Вот уж разве так, голубка,
Ни ты нас не знаешь,
Ни мы тебя. А поживешь,
Оглядишься в хате,
Да тогда и сговоримся
С тобою о плате.
Так ли, дочка?»
«Ну что ж, ладно!»
«Так входи же в хату».
Сговорились. Молодица
День встречает песней;
Словно с паном обвенчалась,
Купила поместье.
От рассвета до заката
И в поле, и в хате,
И за скотом ходит Ганна;
А вокруг дитяти
Так и вьется; в воскресенье
И в будни ребенку,
Словно мать, головку моет,
Ему рубашонку
Каждый божий день меняет,
Вместе с ним катает
Повозочки, а уж в праздник
И с рук не спускает.
Старики мои дивятся,
Богу бьют поклоны…
Наймичка же сна не знает,
По ночам со стоном
Свою долю проклинает,
Плачет горько, тяжко;
Да никто того не знает,
Не слышит бедняжки,
Кроме Марка маленького.
Да и он не знает,
Отчего слезами Ганна
Его умывает;
Отчего его целует
И молится жарко,
Сама не съест и не допьет,
А накормит Марка.
Не знает он.
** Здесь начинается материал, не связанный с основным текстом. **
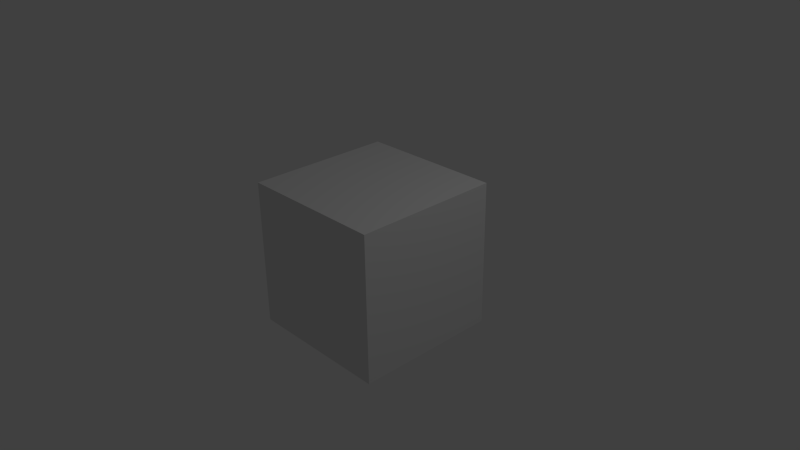 # Source: Simple_Scene_277_x32.blend  (saved by Blender 2.77.0; exported with 4.5.12 LTS)
import bpy
from mathutils import Matrix  # noqa: F401  (used for matrix-valued properties, if any)

bpy.ops.wm.read_factory_settings(use_empty=True)
scene = bpy.context.scene
scene.name = 'Scene'

# ---- collections
col_collection_1 = bpy.data.collections.new('Collection 1'); scene.collection.children.link(col_collection_1)

# ---- materials (node trees are filled in below, after node groups)
mat_material = bpy.data.materials.new('Material')
mat_material.alpha_threshold = 0.0
mat_material.use_transparent_shadow = False
mat_material.roughness = 0.5
mat_material.line_color = (0.0, 0.0, 0.0, 1.0)

# ---- material node trees

# ---- world
world_world = bpy.data.worlds.new('World'); scene.world = world_world
world_world.color = (0.05088, 0.05088, 0.05088)
world_world.use_sun_shadow = False
world_world.sun_shadow_jitter_overblur = 0.0
world_world.cycles.sampling_method = 'NONE'
world_world.cycles.sample_map_resolution = 256

# ---- cameras
cam_camera = bpy.data.cameras.new('Camera')
cam_camera.clip_end = 100.0
cam_camera.lens = 35.0
cam_camera.sensor_width = 32.0
cam_camera.sensor_height = 18.0
cam_camera.ortho_scale = 7.314
cam_camera.dof.focus_distance = 0.0
cam_camera.dof.aperture_fstop = 128.0

# ---- lights
light_lamp = bpy.data.lights.new('Lamp', 'POINT')
light_lamp.transmission_factor = 0.0
light_lamp.cutoff_distance = 30.0
light_lamp.energy = 100.0
light_lamp.shadow_buffer_clip_start = 1.001
light_lamp.shadow_soft_size = 1.0
light_lamp.shadow_maximum_resolution = 0.006
light_lamp.use_absolute_resolution = True
light_lamp.cycles.use_multiple_importance_sampling = False

# ---- meshes
me_cube = bpy.data.meshes.new('Cube')
me_cube.from_pydata([(1.0, 1.0, -1.0), (1.0, -1.0, -1.0), (-1.0, -1.0, -1.0), (-1.0, 1.0, -1.0), (1.0, 1.0, 1.0), (1.0, -1.0, 1.0), (-1.0, -1.0, 1.0), (-1.0, 1.0, 1.0)], [], [(0, 1, 2, 3), (4, 7, 6, 5), (0, 4, 5, 1), (1, 5, 6, 2), (2, 6, 7, 3), (4, 0, 3, 7)])
me_cube.materials.append(mat_material)
me_cube.use_remesh_preserve_volume = False
me_cube.use_remesh_preserve_attributes = False
me_cube.use_mirror_vertex_groups = False
me_cube.update()

# ---- objects
ob_cube = bpy.data.objects.new('Cube', me_cube)
ob_lamp = bpy.data.objects.new('Lamp', light_lamp)
ob_camera = bpy.data.objects.new('Camera', cam_camera)

# ---- transforms, parenting, visibility, modifiers, constraints
ob_cube.location = (0.0, 0.0, 0.0)
ob_cube.lock_rotations_4d = False
ob_cube.empty_display_type = 'ARROWS'
ob_cube.lineart.crease_threshold = 0.0
ob_lamp.location = (4.076, 1.005, 5.904)
ob_lamp.rotation_euler = (0.6503, 0.05522, 1.866)
ob_lamp.lock_rotations_4d = False
ob_lamp.empty_display_type = 'ARROWS'
ob_lamp.color = (0.0, 0.0, 0.0, 0.0)
ob_lamp.lineart.crease_threshold = 0.0
ob_camera.location = (7.481, -6.508, 5.344)
ob_camera.rotation_euler = (1.109, 0.01082, 0.8149)
ob_camera.lock_rotations_4d = False
ob_camera.empty_display_type = 'ARROWS'
ob_camera.color = (0.0, 0.0, 0.0, 0.0)
ob_camera.display_type = 'WIRE'
ob_camera.lineart.crease_threshold = 0.0

# ---- collection membership
col_collection_1.objects.link(ob_cube)
col_collection_1.objects.link(ob_lamp)
col_collection_1.objects.link(ob_camera)

# ---- scene / render settings (as saved in the file)
scene.camera = ob_camera
scene.frame_start = 1; scene.frame_end = 250; scene.frame_set(1)
scene.render.engine = 'BLENDER_EEVEE_NEXT'
scene.render.image_settings.color_mode = 'RGB'
scene.render.image_settings.compression = 90
scene.render.resolution_percentage = 50
scene.render.dither_intensity = 0.0
scene.render.bake_margin = 2
scene.render.bake_bias = 0.0
scene.cycles.use_denoising = False
scene.cycles.samples = 10
scene.cycles.sampling_pattern = 'TABULATED_SOBOL'
scene.cycles.light_sampling_threshold = 0.0
scene.cycles.use_adaptive_sampling = False
scene.cycles.use_light_tree = False
scene.cycles.blur_glossy = 0.0
scene.cycles.volume_bounces = 1
scene.cycles.pixel_filter_type = 'GAUSSIAN'
scene.cycles.sample_clamp_indirect = 0.0
scene.view_settings.view_transform = 'Standard'
bpy.context.view_layer.update()

Когда в люльке
Порой среди ночи
Пробудится, шевельнется,
Она сразу вскочит,
Крестит его, баюкает, —
За стеною слышит,
Спит спокойно ли ребенок,
Как во сне он дышит.
Утром Марко к своей Ганне
Ручки простирает —
И наймичку с улыбкою
Мамой величает…
Не знает он. Растет себе,
Растет, подрастает.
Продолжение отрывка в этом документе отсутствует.